== Work order ==
The first line of the listing opens the range and the line with "Circle(ESBO_O3_R)" closes it; repeat those lines and all between them word for word, leaving out the pictures.
BEGIN Records shown
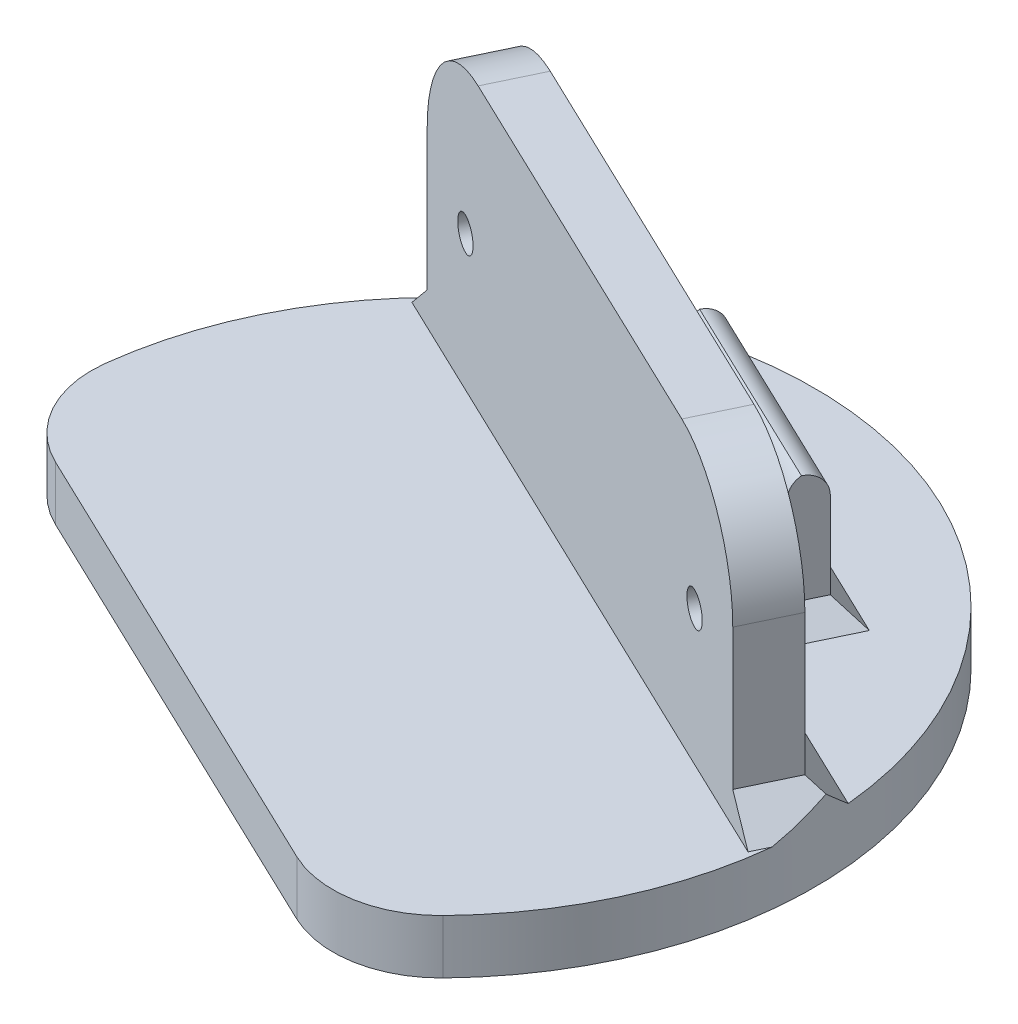
from build123d import *

# Parameters (mm, degrees)
ESBO_O1_R                 = 35
RESSALTO_EXTRUS_O1_DEPTH  = 5
ESBO_O3_R                 = 6
RESSALTO_EXTRUS_O3_DEPTH  = 13
ESBO_O4_R                 = 2.5
CORTE_EXTRUS_O1_DEPTH     = 13
RESSALTO_EXTRUS_O5_DEPTH  = 13
CORTE_EXTRUS_O6_START     = -7
CORTE_EXTRUS_O6_OUTLINE_R = 2
CORTE_EXTRUS_O6_DEPTH     = 14
CORTE_EXTRUS_O8_DEPTH     = 68.852738868
RESSALTO_EXTRUS_O7_DEPTH  = 26
ESBO_O19_R                = 1.5
CORTE_EXTRUS_O9_DEPTH     = 26
FILETE1_R                 = 10
FILETE2_R                 = 10
RESSALTO_EXTRUS_O9_DEPTH  = 12
CORTE_EXTRUS_O11_REACH    = 75.407
ESBO_O26_R                = 3
CHANFRO7_SIZE             = 3
CHANFRO8_SIZE             = 3
CHANFRO9_SIZE             = 3
CHANFRO10_SIZE            = 2
FILETE5_R                 = 2
FILETE6_R                 = 2
CHANFRO11_SIZE            = 2
RESSALTO_EXTRUS_O10_DEPTH = 1


with BuildPart() as part:
    # Esboço1 → Ressalto-extrusão1 (new body)
    with BuildSketch(Plane(origin=(0, 0, 0), x_dir=(1, 0, 0), z_dir=(0, 1, 0))):
        with Locations(Location((0, 0, 0), (0, 0, 270))):
            Circle(ESBO_O1_R)
    extrude(amount=RESSALTO_EXTRUS_O1_DEPTH)

    # Esboço3 → Ressalto-extrusão3 (add)
    with BuildSketch(Plane.XZ):
        with Locations(Location((0, 0, 0), (0, 0, 90))):
            Circle(ESBO_O3_R)
    extrude(amount=RESSALTO_EXTRUS_O3_DEPTH)

    # Esboço4 → Corte-extrusão1 (cut)
    with BuildSketch(Plane(origin=(0, -13, 0), x_dir=(-1, 0, 0), z_dir=(0, -1, 0))):
        with Locations(Location((0, 0, 0), (0, 0, 90))):
            Circle(ESBO_O4_R)
    extrude(amount=-CORTE_EXTRUS_O1_DEPTH, mode=Mode.SUBTRACT)

    # Esboço11 → Ressalto-extrusão5 (add)
    with BuildSketch(Plane.XZ):
        Polygon((11.986630115, -25.30475644), (12.417946194, -26.206957327), (16.026749741, -24.481693012), (18.22200413, -23.432205555), (17.359371973, -21.627803781), (15.164117584, -22.677291238), (11.555314036, -24.402555553), align=None)
    extrude(amount=RESSALTO_EXTRUS_O5_DEPTH)

    # Corte-extrusão6: read off the stored shape, not the designer's step
    # Corte-extrusão6 outline → Corte-extrusão6 (cut)
    with BuildSketch(Plane(origin=(0, 0, 0), x_dir=(0.9022008868624046, 0, 0.43131607869947386), z_dir=(0.43131607869947386, 0, -0.9022008868624045)).offset(CORTE_EXTRUS_O6_START)):
        with Locations((0, 7.014981428)):
            Circle(CORTE_EXTRUS_O6_OUTLINE_R)
    extrude(amount=CORTE_EXTRUS_O6_DEPTH, mode=Mode.SUBTRACT)

    # 3DSketch5 → Corte-extrusão8 (cut, through all)
    with BuildSketch(Plane(origin=(-8.247671749, -6.480100675, 16.008238046), x_dir=(0.7047714310013795, 0.6243195323179013, 0.3369307816312202), z_dir=(-0.43131607869947175, 0, 0.9022008868624055))):
        Polygon((0, 0), (-30.606987597, 24.461465293), (-10.703733889, 49.365069068), (51.063459474, 0), (31.160205765, -24.903603774), align=None)
    extrude(amount=CORTE_EXTRUS_O8_DEPTH, mode=Mode.SUBTRACT)

    # Esboço18 → Ressalto-extrusão7 (add)
    with BuildSketch(Plane(origin=(0, 5, 0), x_dir=(1, 0, 0), z_dir=(0, 1, 0))):
        Polygon((4.313160787, 9.022008869), (31.379187393, -3.917473492), (33.535767786, 0.593530942), (-20.596285425, 26.472495664), (-22.752865819, 21.96149123), align=None)
    extrude(amount=RESSALTO_EXTRUS_O7_DEPTH)

    # Esboço19 → Corte-extrusão9 (cut)
    with BuildSketch(Plane(origin=(4.313160787, 0, -9.022008869), x_dir=(0.9022008868624055, 0, 0.43131607869947175), z_dir=(-0.43131607869947175, 0, 0.9022008868624055))):
        with Locations((-22.5, 17.5)):
            Circle(ESBO_O19_R)
        with Locations((22.5, 17.5)):
            Circle(ESBO_O19_R)
    extrude(amount=-CORTE_EXTRUS_O9_DEPTH, mode=Mode.SUBTRACT)

    # Filete1
    filete1_edges = [part.edges().sort_by_distance(p)[0] for p in [
        (32.45747759, 31, 1.661971275),
        (-21.674575622, 31, -24.216993447),
    ]]
    fillet(filete1_edges, radius=FILETE1_R)

    # Filete2
    filete2_edges = [part.edges().sort_by_distance(p)[0] for p in [
        (19.317369696, 2.5, 29.18628493),
        (-34.844748529, 2.5, 3.292946997),
    ]]
    fillet(filete2_edges, radius=FILETE2_R)

    # Esboço25 → Ressalto-extrusão9 (add)
    with BuildSketch(Plane(origin=(0, 5, 0), x_dir=(1, 0, 0), z_dir=(0, 1, 0))):
        Polygon((8.981926733, 18.787851102), (-0.040082135, 23.101011889), (1.253866101, 25.80761455), (19.297883838, 17.181292976), (18.003935602, 14.474690315), align=None)
    extrude(amount=RESSALTO_EXTRUS_O9_DEPTH)

    # Esboço26 → Corte-extrusão11 (cut, up to next)
    with BuildSketch(Plane(origin=(10.275874969, 0, -21.494453763), x_dir=(-0.902200886862406, 0, -0.4313160786994711), z_dir=(0.4313160786994711, 0, -0.902200886862406)), mode=Mode.PRIVATE) as corte_extrus_o11_sk1:
        with Locations((0, 11)):
            Circle(ESBO_O26_R)
    corte_extrus_o11_tool1 = extrude(corte_extrus_o11_sk1.sketch, amount=-CORTE_EXTRUS_O11_REACH, mode=Mode.PRIVATE) & part.part
    add(corte_extrus_o11_tool1.solids().sort_by_distance((10.275875, 11, -21.494454))[0], mode=Mode.SUBTRACT)

    # Chanfro7
    chanfro7_edges = [part.edges().sort_by_distance(p)[0] for p in [
        (6.46974118, 5, -13.533013303),
    ]]
    chamfer(chanfro7_edges, length=CHANFRO7_SIZE)

    # Chanfro8
    # the kernel refuses this chamfer: 3 mm, written as the material it adds along each edge
    with BuildSketch(Plane(origin=(38.157340689, 5, -10.26065762), x_dir=(0.9022008868624055, 0, 0.43131607869947186), z_dir=(-0.4313160786994719, 0, 0.9022008868624055))) as chanfro8_piece_1_section:
        Polygon((CHANFRO8_SIZE, 0), (0, CHANFRO8_SIZE), (0, 0), align=None)
    chanfro8_piece_1 = extrude(amount=15.715048964, mode=Mode.PRIVATE)
    chanfro8_piece_1 = split(chanfro8_piece_1, bisect_by=Plane(origin=(36.493528356, 1.142475518, -6.780395611), z_dir=(-0.30498652408318644, -0.7071067811865479, 0.6379523650929244)), keep=Keep.TOP, mode=Mode.PRIVATE)
    chanfro8_piece_1 = chanfro8_piece_1 & Plane(origin=(0, 5, 0), x_dir=(0, 0, 1), z_dir=(0, -1, 0)) * Cylinder(35, 44, mode=Mode.PRIVATE)
    chanfro8_piece_1 = split(chanfro8_piece_1, bisect_by=Plane(origin=(33.535767786, 5, -0.593530942), z_dir=(0.4313160786994711, 0, -0.9022008868624058)), keep=Keep.TOP, mode=Mode.PRIVATE)
    add(chanfro8_piece_1)
    with BuildSketch(Plane(origin=(38.157340689, 5, -10.26065762), x_dir=(0.9022008868624055, 0, 0.43131607869947186), z_dir=(-0.4313160786994719, 0, 0.9022008868624055))) as chanfro8_piece_2_section:
        Polygon((CHANFRO8_SIZE, 0), (0, CHANFRO8_SIZE), (0, 0), align=None)
    chanfro8_piece_2 = extrude(amount=15.715048964, mode=Mode.PRIVATE)
    chanfro8_piece_2 = split(chanfro8_piece_2, bisect_by=Plane(origin=(36.493528356, 1.142475518, -6.780395611), z_dir=(-0.30498652408318644, -0.7071067811865479, 0.6379523650929244)), keep=Keep.TOP, mode=Mode.PRIVATE)
    chanfro8_piece_2 = chanfro8_piece_2 & Plane(origin=(0, 5, 0), x_dir=(0, 0, 1), z_dir=(0, -1, 0)) * Cylinder(35, 44, mode=Mode.PRIVATE)
    chanfro8_piece_2 = split(chanfro8_piece_2, bisect_by=Plane(origin=(33.535767786, 5, -0.593530942), z_dir=(-0.4313160786994711, 0, 0.9022008868624058)), keep=Keep.TOP, mode=Mode.PRIVATE)
    add(chanfro8_piece_2)

    # Chanfro9
    # the kernel refuses this chamfer: 3 mm, written as the material it adds along each edge
    with BuildSketch(Plane(origin=(-22.752865819, 5, -21.96149123), x_dir=(0, 1, 0), z_dir=(0.431316078699471, 0, -0.902200886862406))) as chanfro9_piece_1_section:
        Polygon((CHANFRO9_SIZE, 0), (0, -CHANFRO9_SIZE), (0, 0), align=None)
    chanfro9_piece_1 = extrude(amount=15.715048964, mode=Mode.PRIVATE)
    chanfro9_piece_1 = split(chanfro9_piece_1, bisect_by=Plane(origin=(-20.596285425, 5, -26.472495664), z_dir=(-0.4313160786994711, 0, 0.9022008868624058)), keep=Keep.TOP, mode=Mode.PRIVATE)
    chanfro9_piece_1 = split(chanfro9_piece_1, bisect_by=Plane(origin=(-21.027601504, 9, -25.570294777), z_dir=(-0.30498652408290505, -0.7071067811867798, 0.6379523650928014)), keep=Keep.TOP, mode=Mode.PRIVATE)
    chanfro9_piece_1 = chanfro9_piece_1 & Plane(origin=(0, 5, 0), x_dir=(0, 0, 1), z_dir=(0, -1, 0)) * Cylinder(35, 44, mode=Mode.PRIVATE)
    add(chanfro9_piece_1)
    with BuildSketch(Plane(origin=(-22.752865819, 5, -21.96149123), x_dir=(0, 1, 0), z_dir=(0.431316078699471, 0, -0.902200886862406))) as chanfro9_piece_2_section:
        Polygon((CHANFRO9_SIZE, 0), (0, -CHANFRO9_SIZE), (0, 0), align=None)
    chanfro9_piece_2 = extrude(amount=15.715048964, mode=Mode.PRIVATE)
    chanfro9_piece_2 = split(chanfro9_piece_2, bisect_by=Plane(origin=(-20.596285425, 5, -26.472495664), z_dir=(0.4313160786994711, 0, -0.9022008868624058)), keep=Keep.TOP, mode=Mode.PRIVATE)
    chanfro9_piece_2 = split(chanfro9_piece_2, bisect_by=Plane(origin=(-21.027601504, 9, -25.570294777), z_dir=(-0.30498652408290505, -0.7071067811867798, 0.6379523650928014)), keep=Keep.TOP, mode=Mode.PRIVATE)
    chanfro9_piece_2 = chanfro9_piece_2 & Plane(origin=(0, 5, 0), x_dir=(0, 0, 1), z_dir=(0, -1, 0)) * Cylinder(35, 44, mode=Mode.PRIVATE)
    add(chanfro9_piece_2)

    # Chanfro10
    chanfro10_edges = [part.edges().sort_by_distance(p)[0] for p in [
        (18.65090972, 5, -15.827991645),
        (10.275874969, 5, -21.494453763),
        (0.606891983, 5, -24.454313219),
        (8.981926733, 5, -18.787851102),
    ]]
    chamfer(chanfro10_edges, length=CHANFRO10_SIZE)

    # Filete5
    filete5_edges = [part.edges().sort_by_distance(p)[0] for p in [
        (10.275874969, 17, -21.494453763),
    ]]
    fillet(filete5_edges, radius=FILETE5_R)

    # Filete6
    # the kernel refuses this fillet: 2 mm, written as the material it takes off along each edge
    with BuildSketch(Plane(origin=(21.910580039, 17, -12.607036909), x_dir=(0.4313160786994712, -7.460698725480719e-14, -0.9022008868624058), z_dir=(-0.9022008868624058, 0, -0.4313160786994712))) as filete6_piece_1:
        with BuildLine():
            CenterArc((2, 1.732050808), FILETE6_R, 180, 60)
            Line((0, 1.732050808), (-0.04, 1.732050808))
            Line((-0.04, 1.732050808), (-0.04, 0))
            Line((-0.04, 0), (0, -0.04))
            ThreePointArc((0, -0.04), (0.5, -0.04), (0.98, -0.034641016))
            Line((0.98, -0.034641016), (1, 0))
        make_face()
    extrude(amount=28.660254038, mode=Mode.SUBTRACT)

    # Chanfro11
    chanfro11_edges = [part.edges().sort_by_distance(p)[0] for p in [
        (11.986630115, 0, -25.30475644),
        (15.319975162, 0, -24.819581441),
        (17.790688052, 0, -22.530004668),
        (14.457343005, 0, -23.015179667),
    ]]
    chamfer(chanfro11_edges, length=CHANFRO11_SIZE)

    # Esboço29 → Ressalto-extrusão10 (add)
    # profile 1 of 4: a face of its own
    with BuildSketch(Plane.XZ):
        Polygon((-1.172621061, 9.365732647), (-0.459580196, 9.437948192), (-0.10972042, 5.989130083), (-0.822761285, 5.916914538), align=None)
    # profile 2 of 4: a face of its own
    with BuildSketch(Plane.XZ):
        Polygon((-9.264611029, -0.759565999), (-9.210624651, -0.07246664), (-6.792455581, 1.36483304), (-9.083020484, 1.545021341), (-9.026930741, 2.262970059), (-5.545861029, 1.988831437), (-5.599847408, 1.298927591), (-8.01100526, -0.136268723), (-5.727451574, -0.315755903), (-5.783541318, -1.033704621), align=None)
    # profile 3 of 4: a face of its own
    with BuildSketch(Plane.XZ):
        Polygon((1.854040231, -8.955612425), (1.151516193, -8.980852809), (0.190278212, -6.585119636), (-0.604793903, -9.045356014), (-1.296801115, -9.071297521), (-2.061023871, -5.613364829), (-1.36901666, -5.588124444), (-0.883139256, -7.771417713), (-0.160983807, -5.543953771), (0.472129174, -5.52011563), (1.344324687, -7.689386463), (1.676656417, -5.475944957), (2.376375969, -5.450704572), align=None)
    # profile 4 of 4: a face of its own
    with BuildSketch(Plane.XZ):
        with BuildLine():
            add(Edge.make_bspline(
                [(8.996207092, 1.762616947), (9.007675083, 1.697808087), (9.030293252, 1.569986412), (9.043314002, 1.377868468), (9.038386134, 1.189408294), (9.016297609, 1.004486794), (8.974953835, 0.823110898), (8.916711254, 0.6453441), (8.840458643, 0.471106775), (8.746922467, 0.30322613), (8.640592137, 0.144191668), (8.520408826, 0.0004984), (8.390711819, -0.128037082), (8.249417061, -0.239414921), (8.097713171, -0.334927305), (7.934826831, -0.413306147), (7.761376247, -0.476902181), (7.6401367, -0.504706767), (7.578538823, -0.518833374)],
                knots=[0, 0, 0, 0, 1.056993123, 2.084693837, 3.087726804, 4.082677694, 5.072085085, 6.072020004, 7.084394713, 8.123219308, 9.156462809, 10.153700254, 11.128286591, 12.085461095, 13.03884146, 14.00292335, 14.985350203, 16, 16, 16, 16], degree=3))
            add(Edge.make_bspline(
                [(7.578538823, -0.518833374), (7.516997601, -0.529411818), (7.395674876, -0.550266226), (7.213231224, -0.55991236), (7.034580162, -0.550189358), (6.859561126, -0.52097469), (6.687874592, -0.474022258), (6.519864705, -0.407763212), (6.356675648, -0.320850005), (6.198222726, -0.218280787), (6.049029733, -0.100334901), (5.912493613, 0.029350297), (5.791223937, 0.170415292), (5.684961109, 0.322071365), (5.592479163, 0.484064436), (5.51538672, 0.65715782), (5.453159397, 0.841059241), (5.424051316, 0.968649909), (5.409267989, 1.03345028)],
                knots=[0, 0, 0, 0, 1.00875401, 1.988663582, 2.945939463, 3.895580966, 4.851514034, 5.81824811, 6.808524318, 7.835451495, 8.865632698, 9.878375861, 10.874944891, 11.867510093, 12.867489042, 13.885538443, 14.926113527, 16, 16, 16, 16], degree=3))
            add(Edge.make_bspline(
                [(5.409267989, 1.03345028), (5.396957461, 1.101985496), (5.372833907, 1.236286231), (5.359773972, 1.437562153), (5.362315874, 1.633314681), (5.385045984, 1.823774764), (5.425501497, 2.00883833), (5.486090271, 2.187669433), (5.563059778, 2.361908834), (5.659168892, 2.527907374), (5.767796981, 2.683855143), (5.888480923, 2.825036575), (6.018689078, 2.950576014), (6.158416812, 3.060495928), (6.308205663, 3.153831426), (6.467800613, 3.230187744), (6.636665938, 3.292423244), (6.754593441, 3.319445001), (6.814316066, 3.333129767)],
                knots=[0, 0, 0, 0, 1.112877688, 2.180780943, 3.220067574, 4.240058739, 5.243081267, 6.244242504, 7.254904034, 8.284608484, 9.307062242, 10.29062478, 11.25023016, 12.195370806, 13.128842648, 14.06671196, 15.0209151, 16, 16, 16, 16], degree=3))
            add(Edge.make_bspline(
                [(6.814316066, 3.333129767), (6.854895593, 3.340485442), (6.935464158, 3.355089757), (7.057125317, 3.366672651), (7.177742255, 3.370258271), (7.297768419, 3.365609078), (7.416666096, 3.351072517), (7.534946225, 3.329856811), (7.651892389, 3.298314344), (7.767657124, 3.25941934), (7.880979093, 3.212461909), (7.99095673, 3.158351323), (8.096422005, 3.096673975), (8.198192709, 3.028240273), (8.295529738, 2.952708568), (8.388295171, 2.86930971), (8.47745844, 2.779604664), (8.562021366, 2.683149272), (8.64056464, 2.581284358), (8.713597804, 2.475680153), (8.778450066, 2.365894724), (8.836158788, 2.252170545), (8.887489982, 2.135540977), (8.930896858, 2.014515312), (8.968537907, 1.890414567), (8.986966544, 1.80529692), (8.996207092, 1.762616947)],
                knots=[0, 0, 0, 0, 0.993249742, 1.972046358, 2.940929659, 3.898953648, 4.862768049, 5.824689146, 6.79165628, 7.778099735, 8.765201842, 9.744759355, 10.728837678, 11.706451302, 12.697592095, 13.694521762, 14.709807119, 15.743229533, 16.782769641, 17.807318403, 18.834787279, 19.852131535, 20.878365398, 21.902542756, 22.948286042, 24, 24, 24, 24], degree=3))
        make_face()
        with BuildLine():
            add(Edge.make_bspline(
                [(8.35888738, 1.641322876), (8.349638484, 1.683138861), (8.331429284, 1.765466053), (8.290721023, 1.883538049), (8.241891831, 1.9947226), (8.183358985, 2.098670549), (8.114965499, 2.195013683), (8.037455546, 2.284438219), (7.950994905, 2.366853132), (7.855786815, 2.440539983), (7.755167737, 2.505826463), (7.649222444, 2.558629117), (7.539983604, 2.599638566), (7.427362294, 2.62842601), (7.311275301, 2.645366598), (7.19192951, 2.650190321), (7.069031962, 2.642543925), (6.987152165, 2.628133595), (6.945425842, 2.620790024)],
                knots=[0, 0, 0, 0, 1.068431478, 2.103524882, 3.111812557, 4.096770442, 5.076182739, 6.056480966, 7.04695339, 8.053010262, 9.058085368, 10.036576144, 11.002179037, 11.965876272, 12.932941146, 13.925662247, 14.942907875, 16, 16, 16, 16], degree=3))
            add(Edge.make_bspline(
                [(6.945425842, 2.620790024), (6.89955976, 2.61012143), (6.809933552, 2.589274094), (6.682865882, 2.541411153), (6.565497081, 2.482748389), (6.458684774, 2.410679364), (6.362739384, 2.325665705), (6.276635083, 2.228726005), (6.200109672, 2.119747425), (6.159227555, 2.039638757), (6.138434656, 1.998894992)],
                knots=[0, 0, 0, 0, 1.065893573, 2.082846319, 3.067913113, 4.03275039, 4.993087869, 5.964412104, 6.96468735, 8, 8, 8, 8], degree=3))
            add(Edge.make_bspline(
                [(6.138434656, 1.998894992), (6.123617141, 1.96593276), (6.094215975, 1.900528537), (6.060261495, 1.799052043), (6.033532836, 1.69658269), (6.018129371, 1.591968778), (6.009090248, 1.486082814), (6.010374142, 1.378462697), (6.018857975, 1.269334757), (6.032152286, 1.196956023), (6.038875361, 1.160353325)],
                knots=[0, 0, 0, 0, 1.008295335, 2.000676833, 2.983317033, 3.960484081, 4.948739413, 5.946958437, 6.961754967, 8, 8, 8, 8], degree=3))
            add(Edge.make_bspline(
                [(6.038875361, 1.160353325), (6.04818843, 1.119488237), (6.066506077, 1.039111697), (6.106329453, 0.923400123), (6.155261482, 0.814288717), (6.214481482, 0.712246056), (6.283022052, 0.61710324), (6.360286854, 0.528147469), (6.448052116, 0.446638958), (6.543810523, 0.372161818), (6.646059184, 0.307547424), (6.751801817, 0.253705079), (6.860226332, 0.211780974), (6.971865724, 0.183276485), (7.085733024, 0.165496484), (7.202298664, 0.159843363), (7.32141749, 0.166965851), (7.400784458, 0.180379449), (7.441118951, 0.187196274)],
                knots=[0, 0, 0, 0, 1.057548477, 2.080066199, 3.083561631, 4.072308226, 5.053153701, 6.040050012, 7.04193092, 8.072266727, 9.098624617, 10.090798299, 11.063857395, 12.026991093, 12.994164769, 13.968868272, 14.967773729, 16, 16, 16, 16], degree=3))
            add(Edge.make_bspline(
                [(7.441118951, 0.187196274), (7.480850962, 0.19617004), (7.559121139, 0.213847933), (7.671282566, 0.254656038), (7.776687934, 0.304860696), (7.874866545, 0.365941987), (7.966427691, 0.435947399), (8.050436997, 0.516931925), (8.12789538, 0.607675692), (8.197044309, 0.70806341), (8.257973974, 0.814291212), (8.306958993, 0.924881936), (8.345621449, 1.037804305), (8.371214146, 1.153789821), (8.386097944, 1.272329097), (8.389536332, 1.393225092), (8.38136747, 1.517044176), (8.366476624, 1.599366577), (8.35888738, 1.641322876)],
                knots=[0, 0, 0, 0, 1.020036242, 2.009422978, 2.984030185, 3.94146462, 4.902172466, 5.867458659, 6.860497271, 7.887422614, 8.91838278, 9.925283362, 10.914427317, 11.904923154, 12.896647947, 13.90457028, 14.932046759, 16, 16, 16, 16], degree=3))
        make_face(mode=Mode.SUBTRACT)
    extrude(amount=RESSALTO_EXTRUS_O10_DEPTH)


solid = part.part
END Records shown
== Solution for this problem ==
from build123d import *

# Parameters (mm, degrees)
ESBO_O1_R                 = 35
RESSALTO_EXTRUS_O1_DEPTH  = 5
ESBO_O3_R                 = 6
RESSALTO_EXTRUS_O3_DEPTH  = 13
ESBO_O4_R                 = 2.5
CORTE_EXTRUS_O1_DEPTH     = 13
RESSALTO_EXTRUS_O5_DEPTH  = 13
CORTE_EXTRUS_O6_START     = -7
CORTE_EXTRUS_O6_OUTLINE_R = 2
CORTE_EXTRUS_O6_DEPTH     = 14
CORTE_EXTRUS_O8_DEPTH     = 68.852738868
RESSALTO_EXTRUS_O7_DEPTH  = 26
ESBO_O19_R                = 1.5
CORTE_EXTRUS_O9_DEPTH     = 26
FILETE1_R                 = 10
FILETE2_R                 = 10
RESSALTO_EXTRUS_O9_DEPTH  = 12
CORTE_EXTRUS_O11_REACH    = 75.407
ESBO_O26_R                = 3
CHANFRO7_SIZE             = 3
CHANFRO8_SIZE             = 3
CHANFRO9_SIZE             = 3
CHANFRO10_SIZE            = 2
FILETE5_R                 = 2
FILETE6_R                 = 2
CHANFRO11_SIZE            = 2
RESSALTO_EXTRUS_O10_DEPTH = 1


with BuildPart() as part:
    # Esboço1 → Ressalto-extrusão1 (new body)
    with BuildSketch(Plane(origin=(0, 0, 0), x_dir=(1, 0, 0), z_dir=(0, 1, 0))):
        with Locations(Location((0, 0, 0), (0, 0, 270))):
            Circle(ESBO_O1_R)
    extrude(amount=RESSALTO_EXTRUS_O1_DEPTH)

    # Esboço3 → Ressalto-extrusão3 (add)
    with BuildSketch(Plane.XZ):
        with Locations(Location((0, 0, 0), (0, 0, 90))):
            Circle(ESBO_O3_R)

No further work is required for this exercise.